Materials provided

——————————

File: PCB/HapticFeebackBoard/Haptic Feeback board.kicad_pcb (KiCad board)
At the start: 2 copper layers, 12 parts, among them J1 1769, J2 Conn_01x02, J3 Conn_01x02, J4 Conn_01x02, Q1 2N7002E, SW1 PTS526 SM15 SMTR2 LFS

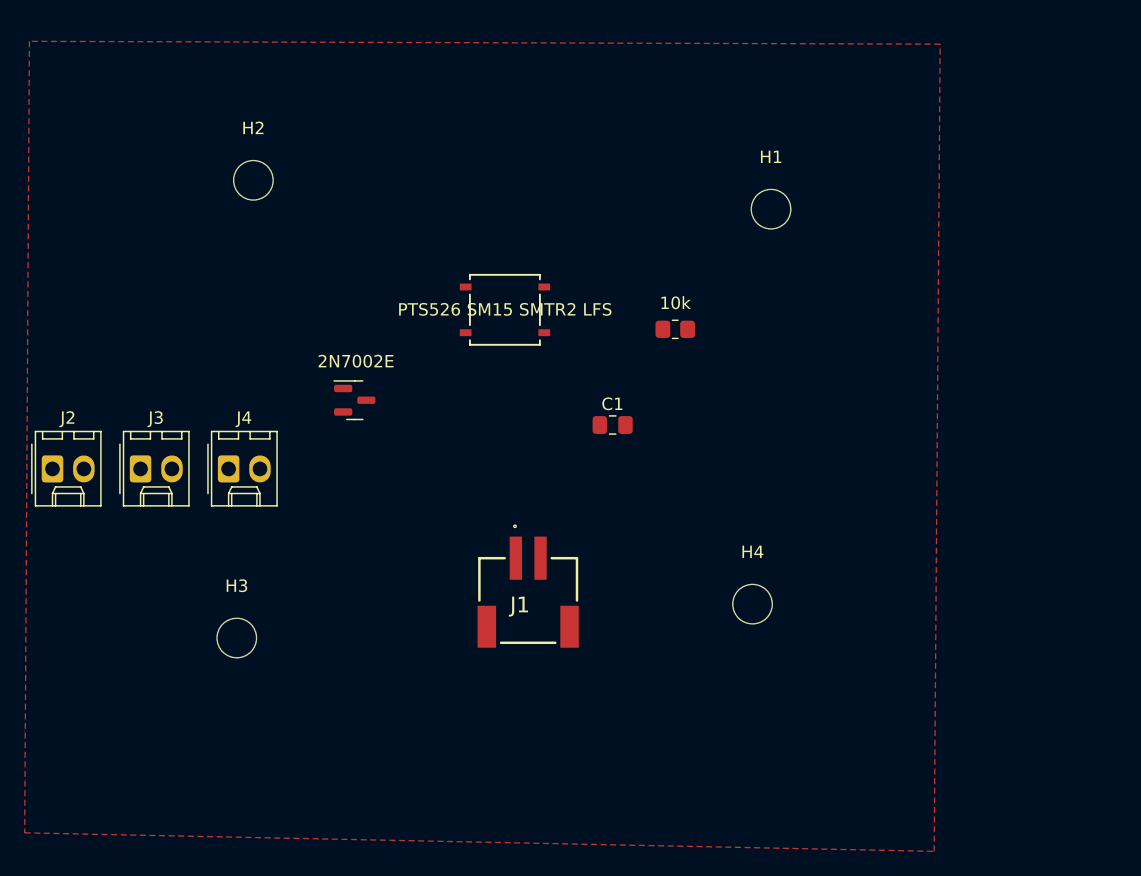
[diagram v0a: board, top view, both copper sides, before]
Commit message: Finished Haptic Feedback Board
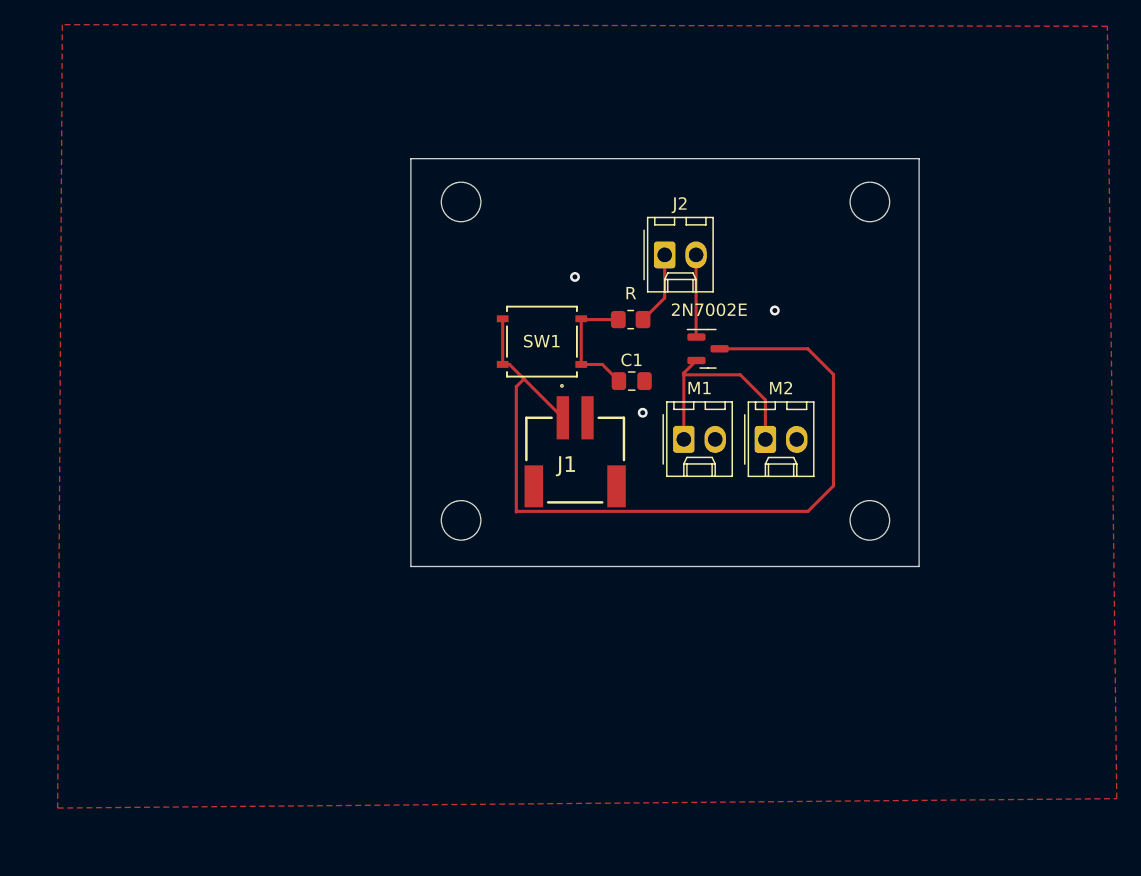
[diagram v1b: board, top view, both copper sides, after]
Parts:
- R1: value 10k -> R
- moved J2 52.5 mm to (141.0, 87.5)
- moved M2 50.6 mm to (149.1, 102.4)
- moved M1 36.9 mm to (142.5, 102.4)
- moved Q1 28.9 mm to (144.5, 95.1)
- moved H3 20.5 mm to (124.5, 109.0)
- moved H2 16.9 mm to (124.5, 83.2)
- moved J1 12.0 mm to (133.7, 100.7)
- moved H4 11.7 mm to (157.6, 109.0)
- moved H1 8.02 mm to (157.6, 83.2)
- moved SW1 3.95 mm to (131.1, 94.5)
- moved C1 3.88 mm to (138.3, 97.7)
- moved R1 3.69 mm to (138.2, 92.7)
- renumbered J4 to M1, J3 to M2
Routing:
- net /BMS Power: track 0.00 -> 67.0 mm
- net /Motor1: track 0.00 -> 17.5 mm
- net Net-(C1-Pad1): track 0.00 -> 10.3 mm
- net /GPIO: track 0.00 -> 6.66 mm
- net /MCU: track 0.00 -> 5.96 mm
- net GND: vias 0 -> 3
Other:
- board outline added: 41.1 x 33 mm

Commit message: Revert "Finished Haptic Feedback Board"
This reverts commit e00eed14296bda41403d05f06b408ec44583351d.
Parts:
- R1: value R -> 10k
- moved J2 52.5 mm to (91.4, 104.8)
- moved J3 50.6 mm to (98.6, 104.8)
- moved J4 36.9 mm to (105.7, 104.8)
- moved Q1 28.9 mm to (115.9, 99.3)
- moved H3 20.5 mm to (106.3, 118.5)
- moved H2 16.9 mm to (107.7, 81.5)
- moved J1 12.0 mm to (129.9, 112.1)
- moved H4 11.7 mm to (148.1, 115.8)
- moved H1 8.02 mm to (149.6, 83.8)
- moved SW1 3.95 mm to (128.1, 91.9)
- moved C1 3.88 mm to (136.8, 101.3)
- moved R1 3.69 mm to (141.8, 93.5)
- renumbered M2 to J3, M1 to J4
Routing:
- net /BMS Power: track 67.0 -> 0.00 mm
- net /Motor1: track 17.5 -> 0.00 mm
- net Net-(C1-Pad1): track 10.3 -> 0.00 mm
- net /GPIO: track 6.66 -> 0.00 mm
- net /MCU: track 5.96 -> 0.00 mm
- net GND: vias 3 -> 0
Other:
- board outline removed

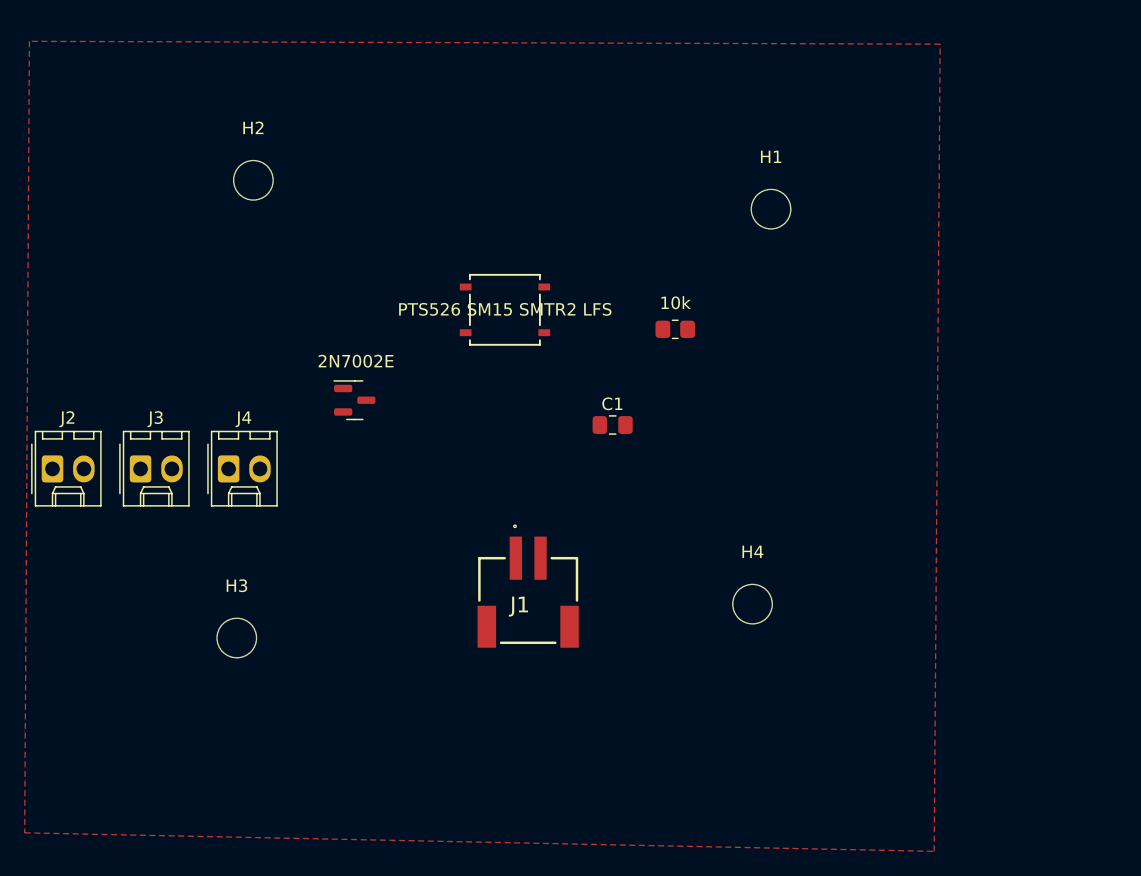
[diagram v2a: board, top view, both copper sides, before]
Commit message: Pushing Haptic Feedback
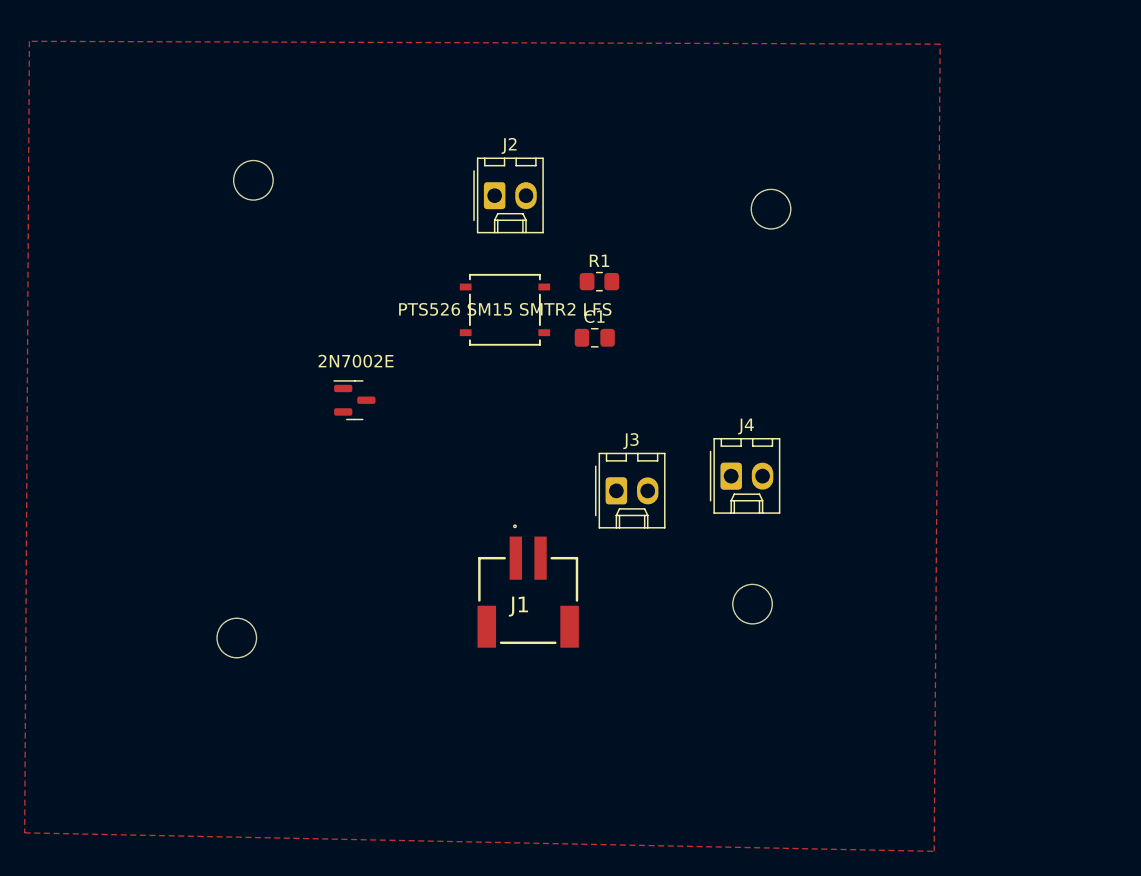
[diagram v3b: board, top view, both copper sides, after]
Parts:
- moved J2 42.1 mm to (127.2, 82.7)
- moved J4 40.7 mm to (146.4, 105.4)
- moved J3 38.6 mm to (137.1, 106.6)
- moved R1 7.25 mm to (135.7, 89.7)
- moved C1 7.21 mm to (135.3, 94.2)
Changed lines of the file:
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@@
   )
   (setup
+    (stackup
+      (layer "F.SilkS" (type "Top Silk Screen"))
+      (layer "F.Paste" (type "Top Solder Paste"))
+      (layer "F.Mask" (type "Top Solder Mask") (thickness 0.01))
+      (layer "F.Cu" (type "copper") (thickness 0.035))
+      (layer "dielectric 1" (type "core") (thickness 1.51) (material "FR4") (epsilon_r 4.5) (loss_tangent 0.02))
+      (layer "B.Cu" (type "copper") (thickness 0.035))
+      (layer "B.Mask" (type "Bottom Solder Mask") (thickness 0.01))
+      (layer "B.Paste" (type "Bottom Solder Paste"))
+      (layer "B.SilkS" (type "Bottom Silk Screen"))
+      (copper_finish "None")
+      (dielectric_constraints no)
+    )
     (pad_to_mask_clearance 0)
     (pcbplotparams
@@
     (property "ki_keywords" "mounting hole")
     (attr exclude_from_pos_files)
-    (fp_text reference "H3" (at 0 -4.2) (layer "F.SilkS")
-        (effects (font (size 1 1) (thickness 0.15)))
-    )
-    (fp_text value "MountingHole" (at 0 4.2) (layer "F.Fab")
-        (effects (font (size 1 1) (thickness 0.15)))
-    )
-    (fp_text user "${REFERENCE}" (at 0.6858 0.5078) (layer "F.Fab")
+    (fp_text reference "H3" (at 0 -4.2) (layer "F.SilkS") hide
+        (effects (font (size 1 1) (thickness 0.15)))
+    )
+    (fp_text value "MountingHole" (at 0 4.2) (layer "F.Fab") hide
+        (effects (font (size 1 1) (thickness 0.15)))
+    )
+    (fp_text user "${REFERENCE}" (at 0.6858 0.5078) (layer "F.Fab") hide
         (effects (font (size 1 1) (thickness 0.15)))
     )
@@
     (property "ki_keywords" "mounting hole")
     (attr exclude_from_pos_files)
-    (fp_text reference "H2" (at 0 -4.2) (layer "F.SilkS")
-        (effects (font (size 1 1) (thickness 0.15)))
-    )
-    (fp_text value "MountingHole" (at 0 4.2) (layer "F.Fab")
-        (effects (font (size 1 1) (thickness 0.15)))
-    )
-    (fp_text user "${REFERENCE}" (at 0 0) (layer "F.Fab")
+    (fp_text reference "H2" (at 0 -4.2) (layer "F.SilkS") hide
+        (effects (font (size 1 1) (thickness 0.15)))
+    )
+    (fp_text value "MountingHole" (at 0 4.2) (layer "F.Fab") hide
+        (effects (font (size 1 1) (thickness 0.15)))
+    )
+    (fp_text user "${REFERENCE}" (at 0 0) (layer "F.Fab") hide
         (effects (font (size 1 1) (thickness 0.15)))
     )
@@
   )
   (footprint "Capacitor_SMD:C_0805_2012Metric_Pad1.18x1.45mm_HandSolder" (layer "F.Cu")
-    (at 136.7829 101.2698)
+    (at 135.3351 94.2086)
     (descr "Capacitor SMD 0805 (2012 Metric), square (rectangular) end terminal, IPC_7351 nominal with elongated pad for handsoldering. (Body size source: IPC-SM-782 page 76, https://www.pcb-3d.com/wordpress/wp-content/uploads/ipc-sm-782a_amendment_1_and_2.pdf, https://docs.google.com/spreadsheets/d/1BsfQQcO9C6DZCsRaXUlFlo91Tg2WpOkGARC1WS5S8t0/edit?usp=sharing), generated with kicad-footprint-generator")
     (tags "capacitor handsolder")
@@
         (effects (font (size 1 1) (thickness 0.15)))
     )
-    (fp_text value "1uF" (at 0 1.68) (layer "F.Fab")
-        (effects (font (size 1 1) (thickness 0.15)))
-    )
-    (fp_text user "${REFERENCE}" (at 0 0) (layer "F.Fab")
+    (fp_text value "1uF" (at 0 1.68) (layer "F.Fab") hide
+        (effects (font (size 1 1) (thickness 0.15)))
+    )
+    (fp_text user "${REFERENCE}" (at 0 0) (layer "F.Fab") hide
         (effects (font (size 0.5 0.5) (thickness 0.08)))
     )
@@
     (property "ki_keywords" "mounting hole")
     (attr exclude_from_pos_files)
-    (fp_text reference "H4" (at 0 -4.2) (layer "F.SilkS")
-        (effects (font (size 1 1) (thickness 0.15)))
-    )
-    (fp_text value "MountingHole" (at 0 4.2) (layer "F.Fab")
-        (effects (font (size 1 1) (thickness 0.15)))
-    )
-    (fp_text user "${REFERENCE}" (at 0.2286 0.127) (layer "F.Fab")
+    (fp_text reference "H4" (at 0 -4.2) (layer "F.SilkS") hide
+        (effects (font (size 1 1) (thickness 0.15)))
+    )
+    (fp_text value "MountingHole" (at 0 4.2) (layer "F.Fab") hide
+        (effects (font (size 1 1) (thickness 0.15)))
+    )
+    (fp_text user "${REFERENCE}" (at 0.2286 0.127) (layer "F.Fab") hide
         (effects (font (size 1 1) (thickness 0.15)))
     )
@@
   )
   (footprint "Connector_Molex:Molex_KK-254_AE-6410-02A_1x02_P2.54mm_Vertical" (layer "F.Cu")
-    (at 91.4294 104.8258)
+    (at 127.2286 82.7024)
     (descr "Molex KK-254 Interconnect System, old/engineering part number: AE-6410-02A example for new part number: 22-27-2021, 2 Pins (http://www.molex.com/pdm_docs/sd/022272021_sd.pdf), generated with kicad-footprint-generator")
     (tags "connector Molex KK-254 vertical")
@@
     (property "ki_keywords" "mounting hole")
     (attr exclude_from_pos_files)
-    (fp_text reference "H1" (at 0 -4.2) (layer "F.SilkS")
-        (effects (font (size 1 1) (thickness 0.15)))
-    )
-    (fp_text value "MountingHole" (at 0 4.2) (layer "F.Fab")
-        (effects (font (size 1 1) (thickness 0.15)))
-    )
-    (fp_text user "${REFERENCE}" (at 0 0) (layer "F.Fab")
+    (fp_text reference "H1" (at 0 -4.2) (layer "F.SilkS") hide
+        (effects (font (size 1 1) (thickness 0.15)))
+    )
+    (fp_text value "MountingHole" (at 0 4.2) (layer "F.Fab") hide
+        (effects (font (size 1 1) (thickness 0.15)))
+    )
+    (fp_text user "${REFERENCE}" (at 0 0) (layer "F.Fab") hide
         (effects (font (size 1 1) (thickness 0.15)))
     )
@@
   )
   (footprint "Connector_Molex:Molex_KK-254_AE-6410-02A_1x02_P2.54mm_Vertical" (layer "F.Cu")
-    (at 98.5594 104.8258)
+    (at 137.0838 106.6038)
     (descr "Molex KK-254 Interconnect System, old/engineering part number: AE-6410-02A example for new part number: 22-27-2021, 2 Pins (http://www.molex.com/pdm_docs/sd/022272021_sd.pdf), generated with kicad-footprint-generator")
     (tags "connector Molex KK-254 vertical")
@@
   )
   (footprint "Connector_Molex:Molex_KK-254_AE-6410-02A_1x02_P2.54mm_Vertical" (layer "F.Cu")
-    (at 105.6894 104.8258)
+    (at 146.3802 105.41)
     (descr "Molex KK-254 Interconnect System, old/engineering part number: AE-6410-02A example for new part number: 22-27-2021, 2 Pins (http://www.molex.com/pdm_docs/sd/022272021_sd.pdf), generated with kicad-footprint-generator")
     (tags "connector Molex KK-254 vertical")
@@
   )
   (footprint "Resistor_SMD:R_0805_2012Metric_Pad1.20x1.40mm_HandSolder" (layer "F.Cu")
-    (at 141.8496 93.5228)
+    (at 135.7122 89.662)
     (descr "Resistor SMD 0805 (2012 Metric), square (rectangular) end terminal, IPC_7351 nominal with elongated pad for handsoldering. (Body size source: IPC-SM-782 page 72, https://www.pcb-3d.com/wordpress/wp-content/uploads/ipc-sm-782a_amendment_1_and_2.pdf), generated with kicad-footprint-generator")
     (tags "resistor handsolder")
@@
     (property "ki_keywords" "R res resistor")
     (attr smd)
-    (fp_text reference "R1" (at 0 -1.65) (layer "F.SilkS") hide
-        (effects (font (size 1 1) (thickness 0.15)))
-    )
-    (fp_text value "10k" (at 0 -2.1082) (layer "F.SilkS")
-        (effects (font (size 1 1) (thickness 0.15)))
-    )
-    (fp_text user "${REFERENCE}" (at 0 0) (layer "F.Fab")
+    (fp_text reference "R1" (at 0 -1.65) (layer "F.SilkS")
+        (effects (font (size 1 1) (thickness 0.15)))
+    )
+    (fp_text value "10k" (at 0 -2.1082) (layer "F.SilkS") hide
+        (effects (font (size 1 1) (thickness 0.15)))
+    )
+    (fp_text user "${REFERENCE}" (at 0 0) (layer "F.Fab") hide
         (effects (font (size 0.5 0.5) (thickness 0.08)))
     )

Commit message: Recovery attempt 2
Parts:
- removed C1: 1uF, Capacitor_SMD:C_0805_2012Metric_Pad1.18x1.45mm_HandSolder
- removed H1, H2, H3, H4: MountingHole, MountingHole:MountingHole_3.2mm_M3
- removed J1: 1769, Adafruit Accessories JST-PH 2-pin SMT Right Angle Connect:1769
- removed J2, J3, J4: Conn_01x02, Connector_Molex:Molex_KK-254_AE-6410-02A_1x02_P2.54mm_Vertical
- removed Q1: 2N7002E, Package_TO_SOT_SMD:SOT-23
- removed R1: 10k, Resistor_SMD:R_0805_2012Metric_Pad1.20x1.40mm_HandSolder
- removed SW1: PTS526 SM15 SMTR2 LFS, PTS526 SM15 SMTR2 LFS:SON4_PTS526 SM15 SMTR2 LFS_CNK
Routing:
- removed copper zone on F.Cu, net GND

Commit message: Updating Haptic Feedback Board
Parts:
- added C1: 1uF, Capacitor_SMD:C_0805_2012Metric_Pad1.18x1.45mm_HandSolder, F.Cu at (138.3, 97.7)
- added H1: MountingHole, MountingHole:MountingHole_3.2mm_M3, F.Cu at (157.6, 83.2)
- added H2: MountingHole, MountingHole:MountingHole_3.2mm_M3, F.Cu at (124.5, 83.2)
- added H3: MountingHole, MountingHole:MountingHole_3.2mm_M3, F.Cu at (124.5, 109.0)
- added H4: MountingHole, MountingHole:MountingHole_3.2mm_M3, F.Cu at (157.6, 109.0)
- added J1: 1769, Adafruit Accessories JST-PH 2-pin SMT Right Angle Connect:1769, F.Cu at (133.7, 100.7)
- added J2: Conn_01x02, Connector_Molex:Molex_KK-254_AE-6410-02A_1x02_P2.54mm_Vertical, F.Cu at (141.0, 87.5)
- added M1: Conn_01x02, Connector_Molex:Molex_KK-254_AE-6410-02A_1x02_P2.54mm_Vertical, F.Cu at (142.5, 102.4)
- added M2: Conn_01x02, Connector_Molex:Molex_KK-254_AE-6410-02A_1x02_P2.54mm_Vertical, F.Cu at (149.1, 102.4)
- added Q1: 2N7002E, Package_TO_SOT_SMD:SOT-23, F.Cu at (144.5, 95.1)
- added R1: R, Resistor_SMD:R_0805_2012Metric_Pad1.20x1.40mm_HandSolder, F.Cu at (138.2, 92.7)
- added SW1: PTS526 SM15 SMTR2 LFS, PTS526 SM15 SMTR2 LFS:SON4_PTS526 SM15 SMTR2 LFS_CNK, F.Cu at (131.1, 94.5)
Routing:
- net /BMS Power: track 0.00 -> 67.0 mm
- net /Motor1: track 0.00 -> 17.5 mm
- net Net-(C1-Pad1): track 0.00 -> 10.3 mm
- net /GPIO: track 0.00 -> 6.66 mm
- net /MCU: track 0.00 -> 5.96 mm
- added copper zone on F.Cu, net GND

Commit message: Edits to Haptic Feedback
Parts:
- moved H4 3.21 mm to (156.5, 112.0)
- moved H3 3.17 mm to (125.5, 112.0)
- moved H1 1.13 mm to (156.5, 83.0)
- moved H2 1.01 mm to (125.5, 83.0)
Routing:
- net Net-(C1-Pad1): track 10.3 -> 6.64 mm
- net /BMS Power: track 67.0 -> 69.7 mm
- net /Motor1: track 17.5 -> 15.6 mm
- net GND: vias 0 -> 3
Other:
- board outline added: 43.5 x 37.5 mm

——————————

About this exercise
With the line holding "Commit message: Recovery attempt 2" as the first and the line holding "H3, H4: MountingHole, MountingHole:MountingHole_3.2mm_M3" as the last, please transcribe exactly the lines of the material above in that range and nothing else.

Answer below
Commit message: Recovery attempt 2
Parts:
- removed C1: 1uF, Capacitor_SMD:C_0805_2012Metric_Pad1.18x1.45mm_HandSolder
- removed H1, H2, H3, H4: MountingHole, MountingHole:MountingHole_3.2mm_M3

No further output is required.